Records excerpted from a collection

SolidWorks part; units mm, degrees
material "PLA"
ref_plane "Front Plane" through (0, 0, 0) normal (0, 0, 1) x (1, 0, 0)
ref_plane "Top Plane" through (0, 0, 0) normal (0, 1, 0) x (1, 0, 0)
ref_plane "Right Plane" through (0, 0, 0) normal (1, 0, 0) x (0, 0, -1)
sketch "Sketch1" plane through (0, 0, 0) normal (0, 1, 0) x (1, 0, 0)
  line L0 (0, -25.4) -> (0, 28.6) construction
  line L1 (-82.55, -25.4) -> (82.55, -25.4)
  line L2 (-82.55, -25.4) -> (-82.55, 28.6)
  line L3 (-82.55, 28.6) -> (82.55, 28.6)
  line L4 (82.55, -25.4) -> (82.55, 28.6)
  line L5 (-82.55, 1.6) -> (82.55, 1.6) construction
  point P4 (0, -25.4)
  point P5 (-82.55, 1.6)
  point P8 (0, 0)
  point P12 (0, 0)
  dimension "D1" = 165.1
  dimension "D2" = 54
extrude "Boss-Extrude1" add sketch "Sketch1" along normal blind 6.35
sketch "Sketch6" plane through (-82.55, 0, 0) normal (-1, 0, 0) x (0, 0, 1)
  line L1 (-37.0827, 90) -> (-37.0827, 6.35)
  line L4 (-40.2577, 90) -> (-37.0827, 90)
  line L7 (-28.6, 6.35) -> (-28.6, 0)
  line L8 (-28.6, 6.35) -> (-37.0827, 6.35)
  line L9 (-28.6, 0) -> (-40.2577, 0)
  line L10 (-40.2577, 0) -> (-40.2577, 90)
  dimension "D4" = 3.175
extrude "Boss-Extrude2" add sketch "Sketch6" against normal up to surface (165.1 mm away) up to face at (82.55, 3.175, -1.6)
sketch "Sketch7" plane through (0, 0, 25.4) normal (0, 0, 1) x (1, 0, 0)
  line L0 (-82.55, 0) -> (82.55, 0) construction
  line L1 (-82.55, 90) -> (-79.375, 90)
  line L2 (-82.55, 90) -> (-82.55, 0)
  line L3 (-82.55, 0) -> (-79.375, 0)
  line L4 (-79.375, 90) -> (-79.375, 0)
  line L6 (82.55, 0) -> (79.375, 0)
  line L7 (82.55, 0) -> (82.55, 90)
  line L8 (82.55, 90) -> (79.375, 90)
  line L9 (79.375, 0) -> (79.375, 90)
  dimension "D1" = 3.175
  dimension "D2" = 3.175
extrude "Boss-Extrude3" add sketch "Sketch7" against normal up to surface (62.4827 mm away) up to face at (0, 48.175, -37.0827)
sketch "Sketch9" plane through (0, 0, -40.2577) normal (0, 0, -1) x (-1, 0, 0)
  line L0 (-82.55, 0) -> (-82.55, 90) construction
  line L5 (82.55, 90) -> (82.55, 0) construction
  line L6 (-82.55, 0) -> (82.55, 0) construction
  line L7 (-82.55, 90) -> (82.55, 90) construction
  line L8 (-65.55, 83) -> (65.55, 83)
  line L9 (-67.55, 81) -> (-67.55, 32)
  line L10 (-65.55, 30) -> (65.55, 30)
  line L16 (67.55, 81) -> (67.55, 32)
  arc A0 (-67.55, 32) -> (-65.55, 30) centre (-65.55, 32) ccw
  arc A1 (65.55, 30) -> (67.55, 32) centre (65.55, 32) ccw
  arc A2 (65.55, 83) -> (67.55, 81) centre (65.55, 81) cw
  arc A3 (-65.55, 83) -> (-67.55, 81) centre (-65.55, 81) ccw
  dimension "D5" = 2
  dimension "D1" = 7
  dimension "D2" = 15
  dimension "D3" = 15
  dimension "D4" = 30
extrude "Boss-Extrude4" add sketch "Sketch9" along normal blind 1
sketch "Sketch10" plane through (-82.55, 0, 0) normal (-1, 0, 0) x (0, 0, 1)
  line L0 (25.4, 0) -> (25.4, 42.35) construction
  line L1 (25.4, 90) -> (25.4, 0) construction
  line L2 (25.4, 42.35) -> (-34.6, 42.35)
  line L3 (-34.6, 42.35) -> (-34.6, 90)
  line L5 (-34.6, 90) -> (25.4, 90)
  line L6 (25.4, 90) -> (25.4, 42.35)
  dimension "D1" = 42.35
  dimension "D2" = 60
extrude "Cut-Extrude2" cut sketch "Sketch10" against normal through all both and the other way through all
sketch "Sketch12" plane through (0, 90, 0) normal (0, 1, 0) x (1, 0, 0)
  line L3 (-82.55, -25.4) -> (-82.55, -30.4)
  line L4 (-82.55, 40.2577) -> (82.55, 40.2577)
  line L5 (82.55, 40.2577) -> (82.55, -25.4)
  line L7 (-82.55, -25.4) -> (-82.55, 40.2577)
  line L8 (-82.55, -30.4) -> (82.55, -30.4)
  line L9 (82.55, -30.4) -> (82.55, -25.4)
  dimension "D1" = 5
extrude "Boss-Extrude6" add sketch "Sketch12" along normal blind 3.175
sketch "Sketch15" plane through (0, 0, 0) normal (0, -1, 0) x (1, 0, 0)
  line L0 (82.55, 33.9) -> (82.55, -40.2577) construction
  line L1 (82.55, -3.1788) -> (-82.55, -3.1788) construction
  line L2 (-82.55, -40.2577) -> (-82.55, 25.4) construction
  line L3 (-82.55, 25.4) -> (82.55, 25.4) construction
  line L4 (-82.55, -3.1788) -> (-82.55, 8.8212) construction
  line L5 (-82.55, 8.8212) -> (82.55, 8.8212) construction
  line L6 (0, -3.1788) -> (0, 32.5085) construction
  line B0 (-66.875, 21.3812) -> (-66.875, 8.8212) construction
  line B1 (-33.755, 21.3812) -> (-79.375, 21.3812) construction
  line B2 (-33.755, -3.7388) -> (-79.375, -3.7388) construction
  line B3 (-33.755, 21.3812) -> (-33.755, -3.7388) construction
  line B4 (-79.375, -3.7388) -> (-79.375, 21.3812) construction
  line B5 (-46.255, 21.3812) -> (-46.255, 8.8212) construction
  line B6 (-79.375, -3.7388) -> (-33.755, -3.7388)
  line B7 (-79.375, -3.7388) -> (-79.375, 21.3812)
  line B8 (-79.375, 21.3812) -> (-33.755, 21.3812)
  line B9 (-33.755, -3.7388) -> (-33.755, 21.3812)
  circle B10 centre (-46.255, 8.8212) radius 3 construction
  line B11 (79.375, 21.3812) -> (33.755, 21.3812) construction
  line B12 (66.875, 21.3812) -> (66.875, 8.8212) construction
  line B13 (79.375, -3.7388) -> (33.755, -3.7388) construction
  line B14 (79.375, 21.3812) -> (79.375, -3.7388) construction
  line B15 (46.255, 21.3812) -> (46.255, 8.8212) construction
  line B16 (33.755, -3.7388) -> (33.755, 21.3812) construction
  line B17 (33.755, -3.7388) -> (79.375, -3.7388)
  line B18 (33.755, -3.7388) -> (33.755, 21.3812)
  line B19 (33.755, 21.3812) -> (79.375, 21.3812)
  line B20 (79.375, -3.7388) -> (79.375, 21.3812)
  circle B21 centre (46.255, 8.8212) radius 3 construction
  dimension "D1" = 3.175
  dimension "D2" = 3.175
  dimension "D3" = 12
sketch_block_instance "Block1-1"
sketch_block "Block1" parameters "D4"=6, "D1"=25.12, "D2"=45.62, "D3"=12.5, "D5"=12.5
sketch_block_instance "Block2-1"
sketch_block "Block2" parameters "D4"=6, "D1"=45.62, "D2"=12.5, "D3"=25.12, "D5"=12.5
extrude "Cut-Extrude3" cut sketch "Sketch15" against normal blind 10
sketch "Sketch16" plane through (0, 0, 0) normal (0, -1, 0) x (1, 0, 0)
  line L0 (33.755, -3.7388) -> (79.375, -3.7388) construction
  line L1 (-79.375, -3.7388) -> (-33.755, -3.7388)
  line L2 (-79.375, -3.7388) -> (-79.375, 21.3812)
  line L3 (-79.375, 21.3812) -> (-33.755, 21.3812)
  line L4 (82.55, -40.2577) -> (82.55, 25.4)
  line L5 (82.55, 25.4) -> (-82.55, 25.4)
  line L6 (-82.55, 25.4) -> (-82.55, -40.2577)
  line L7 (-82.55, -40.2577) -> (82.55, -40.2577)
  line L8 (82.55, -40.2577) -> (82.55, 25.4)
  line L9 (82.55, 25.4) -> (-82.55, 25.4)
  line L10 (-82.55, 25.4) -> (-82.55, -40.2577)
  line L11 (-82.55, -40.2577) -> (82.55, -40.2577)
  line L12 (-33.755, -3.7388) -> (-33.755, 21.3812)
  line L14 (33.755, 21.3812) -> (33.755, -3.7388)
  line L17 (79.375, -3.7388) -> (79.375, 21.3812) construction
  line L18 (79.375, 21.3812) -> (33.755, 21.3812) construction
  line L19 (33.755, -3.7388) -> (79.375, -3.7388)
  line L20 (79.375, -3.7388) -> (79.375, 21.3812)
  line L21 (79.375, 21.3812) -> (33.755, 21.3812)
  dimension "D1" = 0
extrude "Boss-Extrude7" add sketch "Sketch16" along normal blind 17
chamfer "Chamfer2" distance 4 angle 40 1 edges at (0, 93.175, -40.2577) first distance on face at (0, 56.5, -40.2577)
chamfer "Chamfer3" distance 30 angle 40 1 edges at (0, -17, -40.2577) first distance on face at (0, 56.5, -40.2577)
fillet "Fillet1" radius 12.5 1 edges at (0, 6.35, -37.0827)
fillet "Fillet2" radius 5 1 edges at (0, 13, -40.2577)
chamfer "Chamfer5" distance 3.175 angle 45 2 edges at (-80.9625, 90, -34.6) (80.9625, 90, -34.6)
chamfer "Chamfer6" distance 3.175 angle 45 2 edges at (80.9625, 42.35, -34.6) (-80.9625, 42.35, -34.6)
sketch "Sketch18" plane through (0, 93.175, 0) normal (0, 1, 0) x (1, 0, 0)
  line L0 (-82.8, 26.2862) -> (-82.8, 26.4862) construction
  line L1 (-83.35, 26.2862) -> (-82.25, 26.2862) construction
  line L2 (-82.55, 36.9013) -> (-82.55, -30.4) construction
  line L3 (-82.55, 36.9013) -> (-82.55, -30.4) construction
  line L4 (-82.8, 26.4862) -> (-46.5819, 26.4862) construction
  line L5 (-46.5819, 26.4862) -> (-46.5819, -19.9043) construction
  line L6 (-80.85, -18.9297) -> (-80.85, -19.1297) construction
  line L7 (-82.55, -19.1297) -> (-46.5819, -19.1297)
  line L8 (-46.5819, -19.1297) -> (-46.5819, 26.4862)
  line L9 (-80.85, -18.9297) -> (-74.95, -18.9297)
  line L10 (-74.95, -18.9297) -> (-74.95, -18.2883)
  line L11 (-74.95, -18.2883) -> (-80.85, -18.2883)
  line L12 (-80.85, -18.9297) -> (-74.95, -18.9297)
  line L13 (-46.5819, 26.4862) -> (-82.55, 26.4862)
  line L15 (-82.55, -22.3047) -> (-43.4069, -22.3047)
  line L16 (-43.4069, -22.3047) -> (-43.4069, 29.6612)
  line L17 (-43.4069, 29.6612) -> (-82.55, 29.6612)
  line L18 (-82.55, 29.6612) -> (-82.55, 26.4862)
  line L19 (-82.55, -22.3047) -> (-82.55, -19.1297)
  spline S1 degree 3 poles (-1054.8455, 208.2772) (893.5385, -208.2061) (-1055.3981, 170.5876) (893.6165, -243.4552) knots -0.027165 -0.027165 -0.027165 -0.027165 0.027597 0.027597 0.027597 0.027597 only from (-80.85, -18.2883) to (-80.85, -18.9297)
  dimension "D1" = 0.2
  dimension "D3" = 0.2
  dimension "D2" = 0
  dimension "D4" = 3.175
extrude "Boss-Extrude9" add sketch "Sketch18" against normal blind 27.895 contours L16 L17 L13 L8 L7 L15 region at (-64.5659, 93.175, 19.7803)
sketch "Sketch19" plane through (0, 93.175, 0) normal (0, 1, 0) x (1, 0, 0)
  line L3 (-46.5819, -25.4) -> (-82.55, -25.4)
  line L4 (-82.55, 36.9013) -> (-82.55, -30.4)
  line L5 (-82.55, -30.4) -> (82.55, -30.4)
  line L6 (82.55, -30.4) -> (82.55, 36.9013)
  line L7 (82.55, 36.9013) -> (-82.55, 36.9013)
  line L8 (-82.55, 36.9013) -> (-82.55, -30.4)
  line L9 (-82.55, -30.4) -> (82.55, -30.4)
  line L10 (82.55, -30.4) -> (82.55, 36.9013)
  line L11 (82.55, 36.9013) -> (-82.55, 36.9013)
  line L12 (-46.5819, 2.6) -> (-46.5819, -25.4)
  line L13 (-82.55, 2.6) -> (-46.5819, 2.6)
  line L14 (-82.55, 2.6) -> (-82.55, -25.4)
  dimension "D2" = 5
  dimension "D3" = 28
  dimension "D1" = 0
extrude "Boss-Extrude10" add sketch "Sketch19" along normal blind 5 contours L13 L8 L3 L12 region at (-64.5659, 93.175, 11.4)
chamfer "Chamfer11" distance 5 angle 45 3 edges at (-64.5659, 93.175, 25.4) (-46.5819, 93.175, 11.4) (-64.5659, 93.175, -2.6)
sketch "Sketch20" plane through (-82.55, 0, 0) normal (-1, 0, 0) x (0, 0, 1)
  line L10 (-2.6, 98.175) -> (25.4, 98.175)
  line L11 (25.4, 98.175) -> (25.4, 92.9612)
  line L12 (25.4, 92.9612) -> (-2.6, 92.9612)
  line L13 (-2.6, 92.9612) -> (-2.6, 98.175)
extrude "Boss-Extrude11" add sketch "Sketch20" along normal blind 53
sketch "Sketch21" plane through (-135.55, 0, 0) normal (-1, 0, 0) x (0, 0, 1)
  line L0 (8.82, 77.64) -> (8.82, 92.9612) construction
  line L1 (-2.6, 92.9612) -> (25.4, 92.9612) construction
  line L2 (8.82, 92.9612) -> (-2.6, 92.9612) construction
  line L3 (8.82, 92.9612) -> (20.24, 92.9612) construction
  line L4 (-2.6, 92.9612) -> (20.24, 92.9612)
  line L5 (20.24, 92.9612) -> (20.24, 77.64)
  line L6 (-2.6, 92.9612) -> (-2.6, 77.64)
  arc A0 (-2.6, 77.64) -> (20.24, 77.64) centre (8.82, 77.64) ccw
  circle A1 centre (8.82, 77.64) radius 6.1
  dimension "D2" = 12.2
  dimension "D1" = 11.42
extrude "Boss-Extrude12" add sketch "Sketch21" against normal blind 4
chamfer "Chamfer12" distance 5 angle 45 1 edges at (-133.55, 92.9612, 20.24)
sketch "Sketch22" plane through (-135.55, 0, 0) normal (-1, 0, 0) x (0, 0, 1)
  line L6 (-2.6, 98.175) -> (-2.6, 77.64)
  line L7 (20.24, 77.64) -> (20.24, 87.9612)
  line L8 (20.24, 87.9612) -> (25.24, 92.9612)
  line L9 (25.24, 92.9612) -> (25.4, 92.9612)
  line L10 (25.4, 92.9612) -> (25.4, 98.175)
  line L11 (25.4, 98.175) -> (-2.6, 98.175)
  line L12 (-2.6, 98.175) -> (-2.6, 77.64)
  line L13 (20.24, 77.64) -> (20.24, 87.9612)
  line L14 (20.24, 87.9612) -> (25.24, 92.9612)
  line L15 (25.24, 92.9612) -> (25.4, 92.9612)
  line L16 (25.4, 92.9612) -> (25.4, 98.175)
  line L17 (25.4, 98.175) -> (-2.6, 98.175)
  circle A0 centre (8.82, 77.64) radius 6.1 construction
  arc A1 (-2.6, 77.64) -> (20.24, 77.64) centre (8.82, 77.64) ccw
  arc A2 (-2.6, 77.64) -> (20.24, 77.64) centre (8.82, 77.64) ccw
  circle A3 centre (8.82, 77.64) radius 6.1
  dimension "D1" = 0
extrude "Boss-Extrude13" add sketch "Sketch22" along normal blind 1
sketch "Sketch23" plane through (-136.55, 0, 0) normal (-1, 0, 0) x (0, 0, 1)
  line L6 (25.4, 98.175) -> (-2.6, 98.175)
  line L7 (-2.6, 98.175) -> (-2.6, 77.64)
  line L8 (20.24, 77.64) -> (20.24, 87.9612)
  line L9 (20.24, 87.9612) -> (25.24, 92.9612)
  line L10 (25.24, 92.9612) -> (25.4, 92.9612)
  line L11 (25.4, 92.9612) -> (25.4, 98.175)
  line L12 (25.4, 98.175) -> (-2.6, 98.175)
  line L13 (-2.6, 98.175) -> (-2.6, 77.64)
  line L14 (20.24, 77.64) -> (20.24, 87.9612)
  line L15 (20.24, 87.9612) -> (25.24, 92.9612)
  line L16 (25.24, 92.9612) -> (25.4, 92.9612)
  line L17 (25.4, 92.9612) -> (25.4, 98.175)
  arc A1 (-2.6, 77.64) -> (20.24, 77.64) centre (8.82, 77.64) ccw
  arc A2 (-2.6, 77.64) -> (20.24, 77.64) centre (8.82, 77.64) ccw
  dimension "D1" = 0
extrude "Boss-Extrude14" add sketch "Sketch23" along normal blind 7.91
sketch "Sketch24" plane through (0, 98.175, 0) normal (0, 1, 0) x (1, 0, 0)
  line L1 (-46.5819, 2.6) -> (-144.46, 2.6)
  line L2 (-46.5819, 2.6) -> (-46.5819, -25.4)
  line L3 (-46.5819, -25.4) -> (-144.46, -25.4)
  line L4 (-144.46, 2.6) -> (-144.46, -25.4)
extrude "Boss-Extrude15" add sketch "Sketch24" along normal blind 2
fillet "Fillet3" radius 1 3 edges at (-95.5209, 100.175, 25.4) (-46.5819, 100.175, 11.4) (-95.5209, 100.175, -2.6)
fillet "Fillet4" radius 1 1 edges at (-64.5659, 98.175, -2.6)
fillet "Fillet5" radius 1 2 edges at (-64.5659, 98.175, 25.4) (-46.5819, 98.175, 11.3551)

Your assignment
How many of the lines above contain the string "edges"? Give the count alone.

Problem solution
11